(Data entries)
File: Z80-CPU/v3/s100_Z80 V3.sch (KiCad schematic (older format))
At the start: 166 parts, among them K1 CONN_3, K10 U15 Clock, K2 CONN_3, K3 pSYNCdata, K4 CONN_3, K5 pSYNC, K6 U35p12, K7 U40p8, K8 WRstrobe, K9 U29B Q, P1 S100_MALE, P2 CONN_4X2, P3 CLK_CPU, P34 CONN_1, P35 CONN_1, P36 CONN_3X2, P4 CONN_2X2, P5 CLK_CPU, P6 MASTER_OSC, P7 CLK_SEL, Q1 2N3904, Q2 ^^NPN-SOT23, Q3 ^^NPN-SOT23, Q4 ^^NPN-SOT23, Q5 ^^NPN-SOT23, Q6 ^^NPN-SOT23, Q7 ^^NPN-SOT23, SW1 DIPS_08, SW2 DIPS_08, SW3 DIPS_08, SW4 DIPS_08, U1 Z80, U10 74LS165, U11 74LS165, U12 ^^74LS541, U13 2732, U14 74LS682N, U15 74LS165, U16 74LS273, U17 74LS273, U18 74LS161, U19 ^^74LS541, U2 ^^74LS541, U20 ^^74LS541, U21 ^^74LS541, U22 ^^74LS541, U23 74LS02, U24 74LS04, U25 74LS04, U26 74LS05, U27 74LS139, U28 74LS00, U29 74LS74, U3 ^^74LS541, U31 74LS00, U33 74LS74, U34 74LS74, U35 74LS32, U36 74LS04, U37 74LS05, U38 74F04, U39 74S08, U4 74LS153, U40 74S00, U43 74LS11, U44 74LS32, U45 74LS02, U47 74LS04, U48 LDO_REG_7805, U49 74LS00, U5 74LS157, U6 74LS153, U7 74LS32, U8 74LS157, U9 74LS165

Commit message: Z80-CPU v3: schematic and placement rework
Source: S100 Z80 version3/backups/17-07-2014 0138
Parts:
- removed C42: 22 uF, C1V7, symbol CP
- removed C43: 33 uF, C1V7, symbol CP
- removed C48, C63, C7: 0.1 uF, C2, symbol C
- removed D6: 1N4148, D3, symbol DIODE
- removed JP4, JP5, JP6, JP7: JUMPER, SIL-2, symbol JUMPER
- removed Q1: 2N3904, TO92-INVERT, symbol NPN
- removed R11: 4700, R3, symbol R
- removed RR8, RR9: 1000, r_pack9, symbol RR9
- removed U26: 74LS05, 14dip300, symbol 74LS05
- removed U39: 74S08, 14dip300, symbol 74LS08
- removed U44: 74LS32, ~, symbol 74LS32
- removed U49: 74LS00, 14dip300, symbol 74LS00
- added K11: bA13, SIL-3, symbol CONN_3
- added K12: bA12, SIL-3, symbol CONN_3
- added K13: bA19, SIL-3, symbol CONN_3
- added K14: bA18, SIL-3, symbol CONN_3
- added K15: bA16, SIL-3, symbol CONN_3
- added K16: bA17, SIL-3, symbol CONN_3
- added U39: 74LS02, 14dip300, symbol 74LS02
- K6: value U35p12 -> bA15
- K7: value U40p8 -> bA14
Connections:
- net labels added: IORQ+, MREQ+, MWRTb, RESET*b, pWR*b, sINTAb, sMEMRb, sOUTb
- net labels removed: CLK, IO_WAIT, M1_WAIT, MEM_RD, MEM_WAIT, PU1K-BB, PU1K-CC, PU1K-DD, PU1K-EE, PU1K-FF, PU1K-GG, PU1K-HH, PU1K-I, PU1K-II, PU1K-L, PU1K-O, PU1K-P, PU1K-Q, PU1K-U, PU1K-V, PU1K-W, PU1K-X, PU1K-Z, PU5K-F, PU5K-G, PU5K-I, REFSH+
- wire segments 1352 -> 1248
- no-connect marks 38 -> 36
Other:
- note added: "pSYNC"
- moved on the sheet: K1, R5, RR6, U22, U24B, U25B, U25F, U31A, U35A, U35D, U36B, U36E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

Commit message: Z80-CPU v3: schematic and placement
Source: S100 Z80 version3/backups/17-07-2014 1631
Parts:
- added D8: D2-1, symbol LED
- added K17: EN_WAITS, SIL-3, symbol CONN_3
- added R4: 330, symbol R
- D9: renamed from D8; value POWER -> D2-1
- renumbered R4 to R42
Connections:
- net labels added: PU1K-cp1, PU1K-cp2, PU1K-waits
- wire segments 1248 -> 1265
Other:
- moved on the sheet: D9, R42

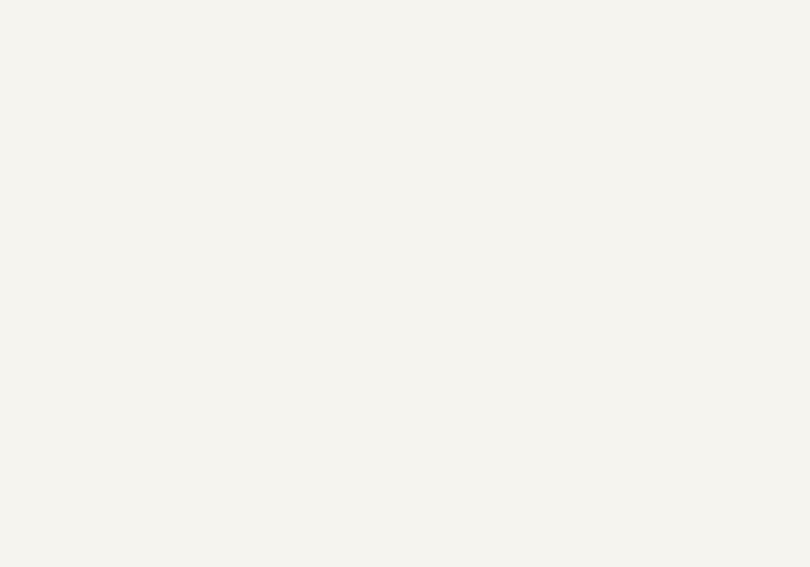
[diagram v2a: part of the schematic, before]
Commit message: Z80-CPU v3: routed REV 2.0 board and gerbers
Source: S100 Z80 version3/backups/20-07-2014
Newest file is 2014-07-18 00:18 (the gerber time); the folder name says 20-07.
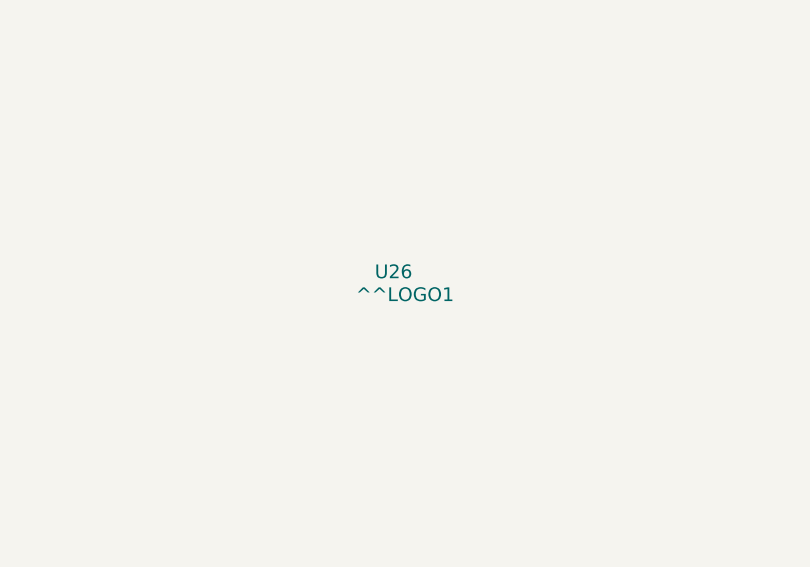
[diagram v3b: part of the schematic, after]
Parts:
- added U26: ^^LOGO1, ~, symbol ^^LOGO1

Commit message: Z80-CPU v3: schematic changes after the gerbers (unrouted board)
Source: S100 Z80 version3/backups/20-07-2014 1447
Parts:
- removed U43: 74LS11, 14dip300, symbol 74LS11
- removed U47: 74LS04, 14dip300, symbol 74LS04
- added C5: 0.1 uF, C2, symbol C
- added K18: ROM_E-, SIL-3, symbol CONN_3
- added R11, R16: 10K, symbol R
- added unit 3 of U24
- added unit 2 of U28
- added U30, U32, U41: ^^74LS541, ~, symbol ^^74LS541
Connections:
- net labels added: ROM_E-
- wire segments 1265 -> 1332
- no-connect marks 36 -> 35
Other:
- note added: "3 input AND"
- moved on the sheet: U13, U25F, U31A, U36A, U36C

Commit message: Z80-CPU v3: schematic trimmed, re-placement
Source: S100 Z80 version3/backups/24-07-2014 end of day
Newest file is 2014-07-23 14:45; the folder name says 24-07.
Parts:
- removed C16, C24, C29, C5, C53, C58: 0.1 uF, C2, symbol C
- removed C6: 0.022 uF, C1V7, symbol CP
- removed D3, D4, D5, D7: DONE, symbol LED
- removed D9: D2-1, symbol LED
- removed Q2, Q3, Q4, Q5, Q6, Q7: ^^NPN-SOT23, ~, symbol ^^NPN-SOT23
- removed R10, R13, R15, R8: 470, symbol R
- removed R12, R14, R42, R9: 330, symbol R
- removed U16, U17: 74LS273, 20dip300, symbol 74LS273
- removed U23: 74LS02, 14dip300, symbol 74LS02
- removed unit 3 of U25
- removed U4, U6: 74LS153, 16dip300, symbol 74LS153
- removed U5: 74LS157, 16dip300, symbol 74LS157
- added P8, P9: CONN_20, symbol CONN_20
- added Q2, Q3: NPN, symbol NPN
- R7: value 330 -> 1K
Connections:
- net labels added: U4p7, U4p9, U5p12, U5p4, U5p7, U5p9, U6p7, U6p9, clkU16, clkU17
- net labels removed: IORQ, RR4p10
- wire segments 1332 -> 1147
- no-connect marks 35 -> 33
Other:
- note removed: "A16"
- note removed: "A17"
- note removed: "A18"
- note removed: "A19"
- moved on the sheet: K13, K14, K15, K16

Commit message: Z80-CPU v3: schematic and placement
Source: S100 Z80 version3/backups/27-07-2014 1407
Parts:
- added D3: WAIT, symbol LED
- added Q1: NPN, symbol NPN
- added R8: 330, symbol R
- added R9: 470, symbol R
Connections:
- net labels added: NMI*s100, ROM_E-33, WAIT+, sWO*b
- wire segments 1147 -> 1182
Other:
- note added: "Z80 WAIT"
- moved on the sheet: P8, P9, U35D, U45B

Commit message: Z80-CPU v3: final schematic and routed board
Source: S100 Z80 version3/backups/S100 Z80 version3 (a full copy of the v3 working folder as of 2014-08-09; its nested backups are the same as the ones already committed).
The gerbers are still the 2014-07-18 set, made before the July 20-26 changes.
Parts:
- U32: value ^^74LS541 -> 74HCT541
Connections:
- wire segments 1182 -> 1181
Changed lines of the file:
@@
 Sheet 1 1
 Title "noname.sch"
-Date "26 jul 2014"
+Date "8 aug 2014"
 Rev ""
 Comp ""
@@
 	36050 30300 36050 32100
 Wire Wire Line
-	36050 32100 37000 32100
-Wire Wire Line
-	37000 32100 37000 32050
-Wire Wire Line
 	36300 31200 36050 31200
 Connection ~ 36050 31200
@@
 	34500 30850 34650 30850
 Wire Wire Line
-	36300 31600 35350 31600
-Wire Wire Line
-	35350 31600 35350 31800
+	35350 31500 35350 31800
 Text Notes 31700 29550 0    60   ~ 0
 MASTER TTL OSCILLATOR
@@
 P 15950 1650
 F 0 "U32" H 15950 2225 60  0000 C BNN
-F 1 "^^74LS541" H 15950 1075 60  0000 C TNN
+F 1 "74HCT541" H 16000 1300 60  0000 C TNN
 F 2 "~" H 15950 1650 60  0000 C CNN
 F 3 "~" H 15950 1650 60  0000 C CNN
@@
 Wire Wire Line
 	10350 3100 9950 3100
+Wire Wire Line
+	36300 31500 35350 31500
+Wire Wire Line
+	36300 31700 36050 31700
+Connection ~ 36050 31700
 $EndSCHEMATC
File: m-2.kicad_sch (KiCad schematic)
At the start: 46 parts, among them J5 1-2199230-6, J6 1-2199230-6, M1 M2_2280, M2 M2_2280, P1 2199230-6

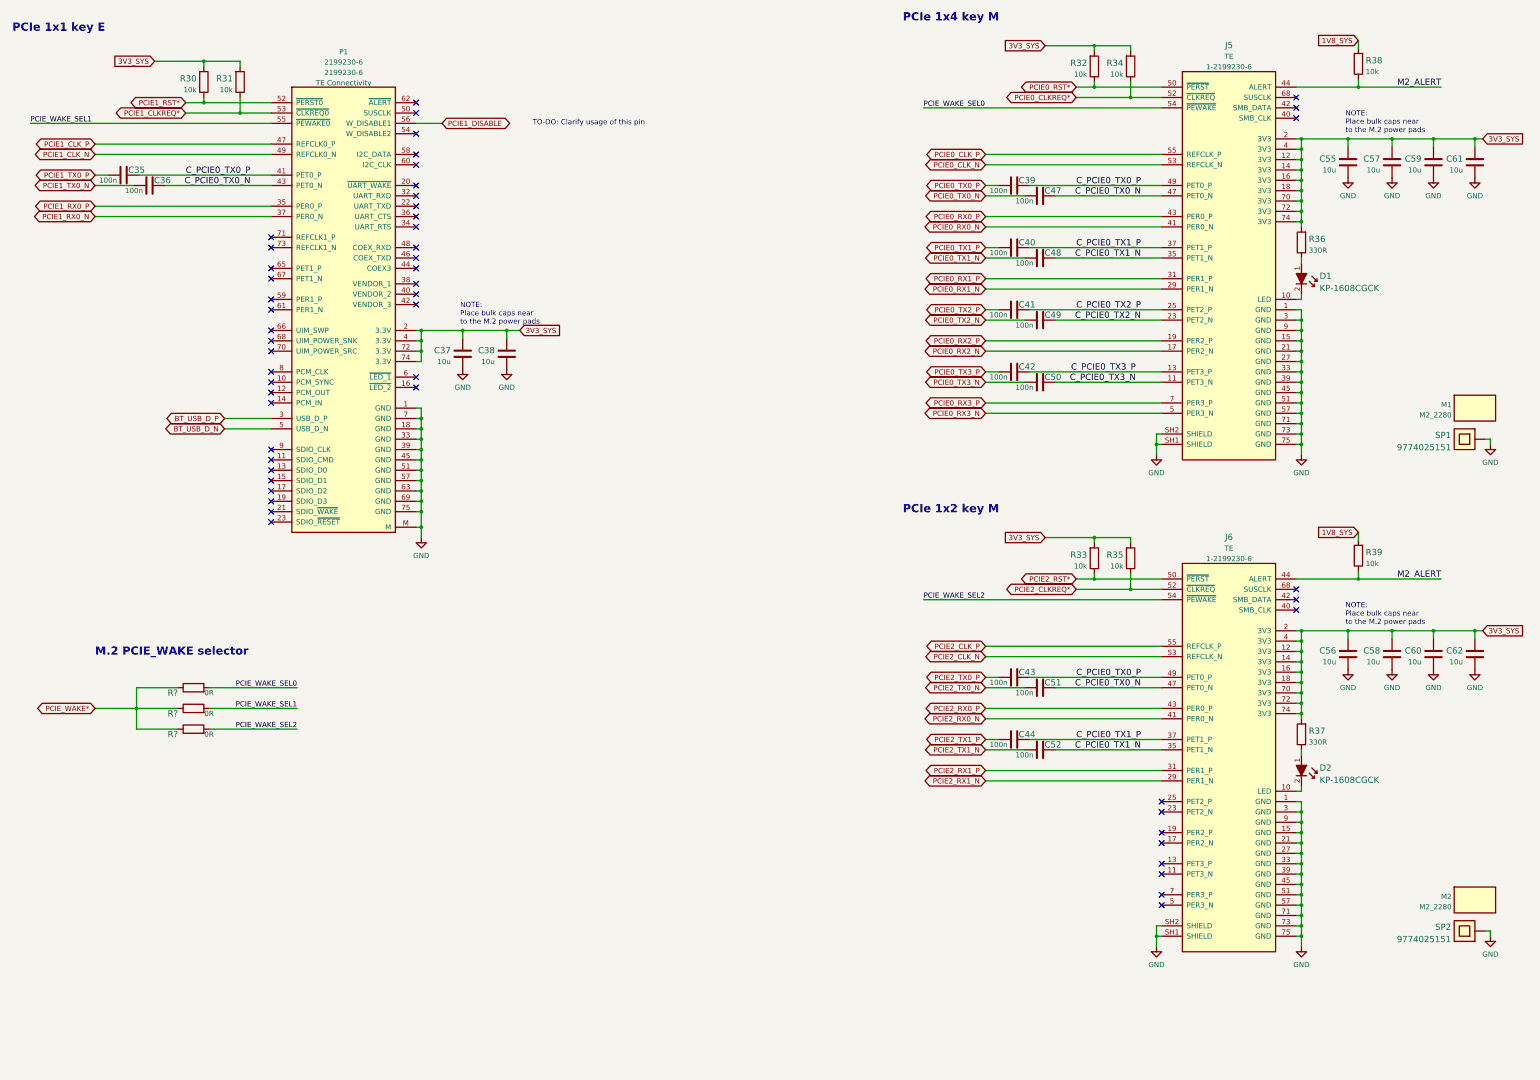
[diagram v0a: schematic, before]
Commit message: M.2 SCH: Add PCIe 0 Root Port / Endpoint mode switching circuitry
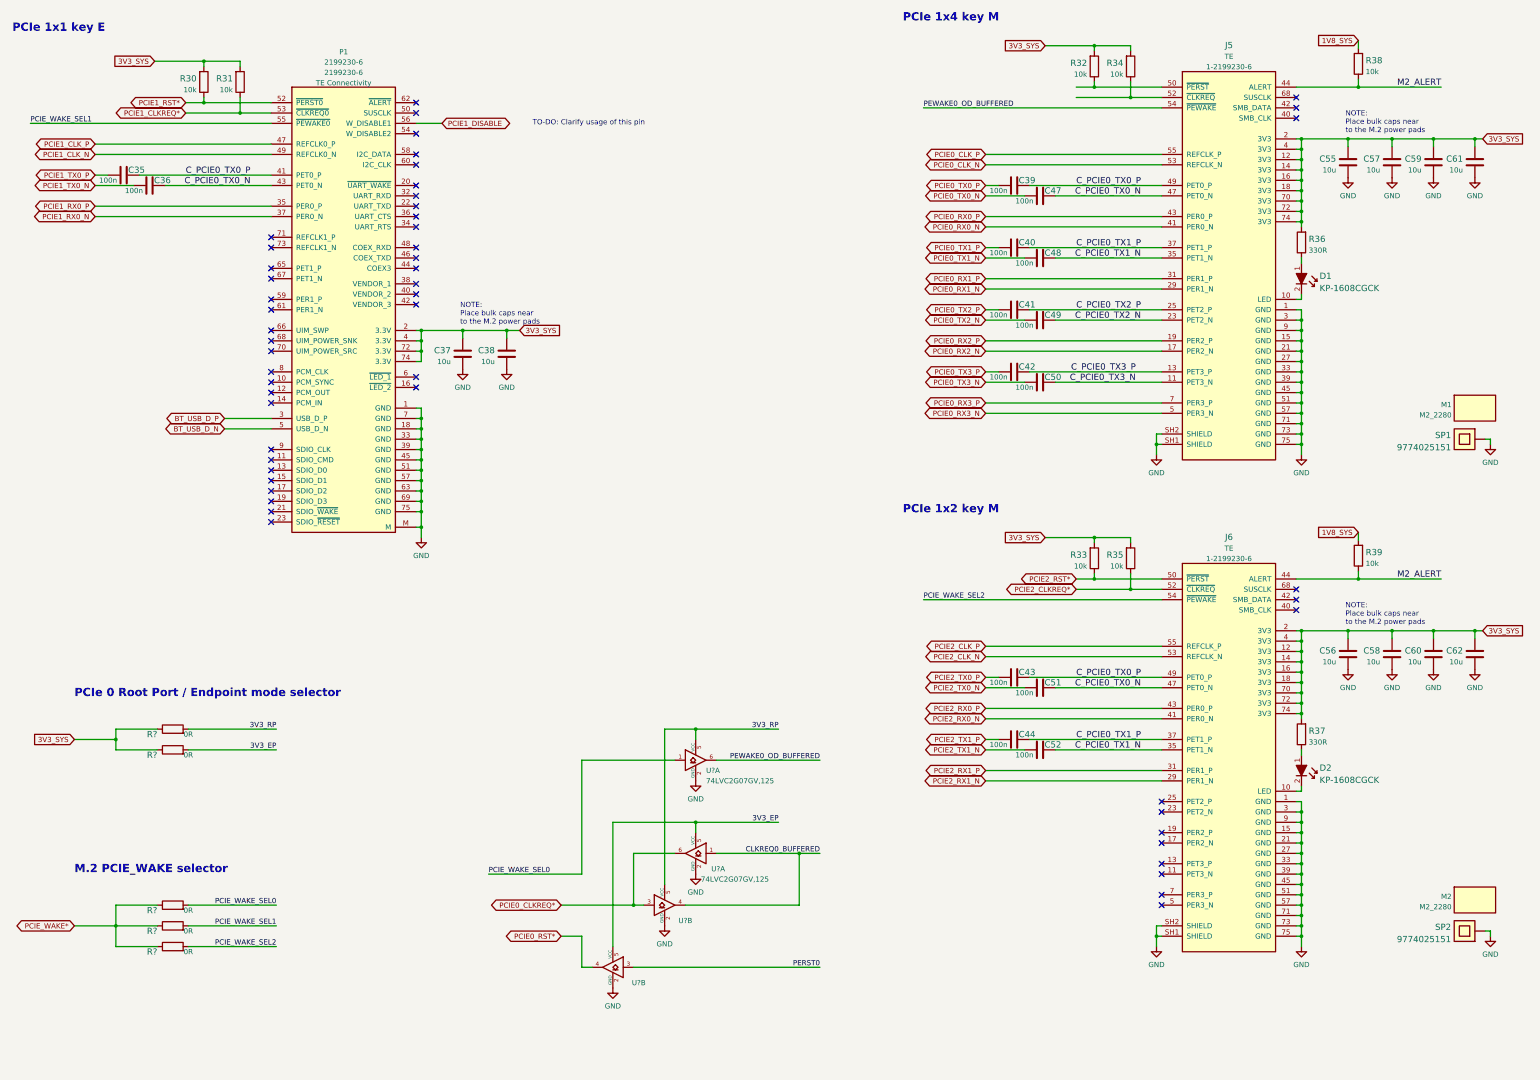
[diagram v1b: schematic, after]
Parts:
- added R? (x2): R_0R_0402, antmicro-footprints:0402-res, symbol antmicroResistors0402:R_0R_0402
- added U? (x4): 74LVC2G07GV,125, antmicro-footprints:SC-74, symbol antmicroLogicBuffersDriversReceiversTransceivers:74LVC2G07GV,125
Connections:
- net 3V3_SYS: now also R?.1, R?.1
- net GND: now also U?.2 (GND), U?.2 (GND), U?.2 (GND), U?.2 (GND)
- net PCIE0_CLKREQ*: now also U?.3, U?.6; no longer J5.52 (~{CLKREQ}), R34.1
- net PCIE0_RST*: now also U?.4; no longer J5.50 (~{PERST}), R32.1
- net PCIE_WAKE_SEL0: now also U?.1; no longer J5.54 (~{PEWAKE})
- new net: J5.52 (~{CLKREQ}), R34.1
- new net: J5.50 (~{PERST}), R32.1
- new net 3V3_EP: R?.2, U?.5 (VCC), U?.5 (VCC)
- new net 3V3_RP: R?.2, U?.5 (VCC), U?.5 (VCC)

- **Work instruction**: Beginning at the line with "- removed U4, U6: 74LS153, 16dip300, symbol" and stopping after the line with "Commit message: Z80-CPU v3: final", please write out every line of the data above exactly and nothing else.

- **Problem solution**:
- removed U4, U6: 74LS153, 16dip300, symbol 74LS153
- removed U5: 74LS157, 16dip300, symbol 74LS157
- added P8, P9: CONN_20, symbol CONN_20
- added Q2, Q3: NPN, symbol NPN
- R7: value 330 -> 1K
Connections:
- net labels added: U4p7, U4p9, U5p12, U5p4, U5p7, U5p9, U6p7, U6p9, clkU16, clkU17
- net labels removed: IORQ, RR4p10
- wire segments 1332 -> 1147
- no-connect marks 35 -> 33
Other:
- note removed: "A16"
- note removed: "A17"
- note removed: "A18"
- note removed: "A19"
- moved on the sheet: K13, K14, K15, K16

Commit message: Z80-CPU v3: schematic and placement
Source: S100 Z80 version3/backups/27-07-2014 1407
Parts:
- added D3: WAIT, symbol LED
- added Q1: NPN, symbol NPN
- added R8: 330, symbol R
- added R9: 470, symbol R
Connections:
- net labels added: NMI*s100, ROM_E-33, WAIT+, sWO*b
- wire segments 1147 -> 1182
Other:
- note added: "Z80 WAIT"
- moved on the sheet: P8, P9, U35D, U45B

Commit message: Z80-CPU v3: final schematic and routed board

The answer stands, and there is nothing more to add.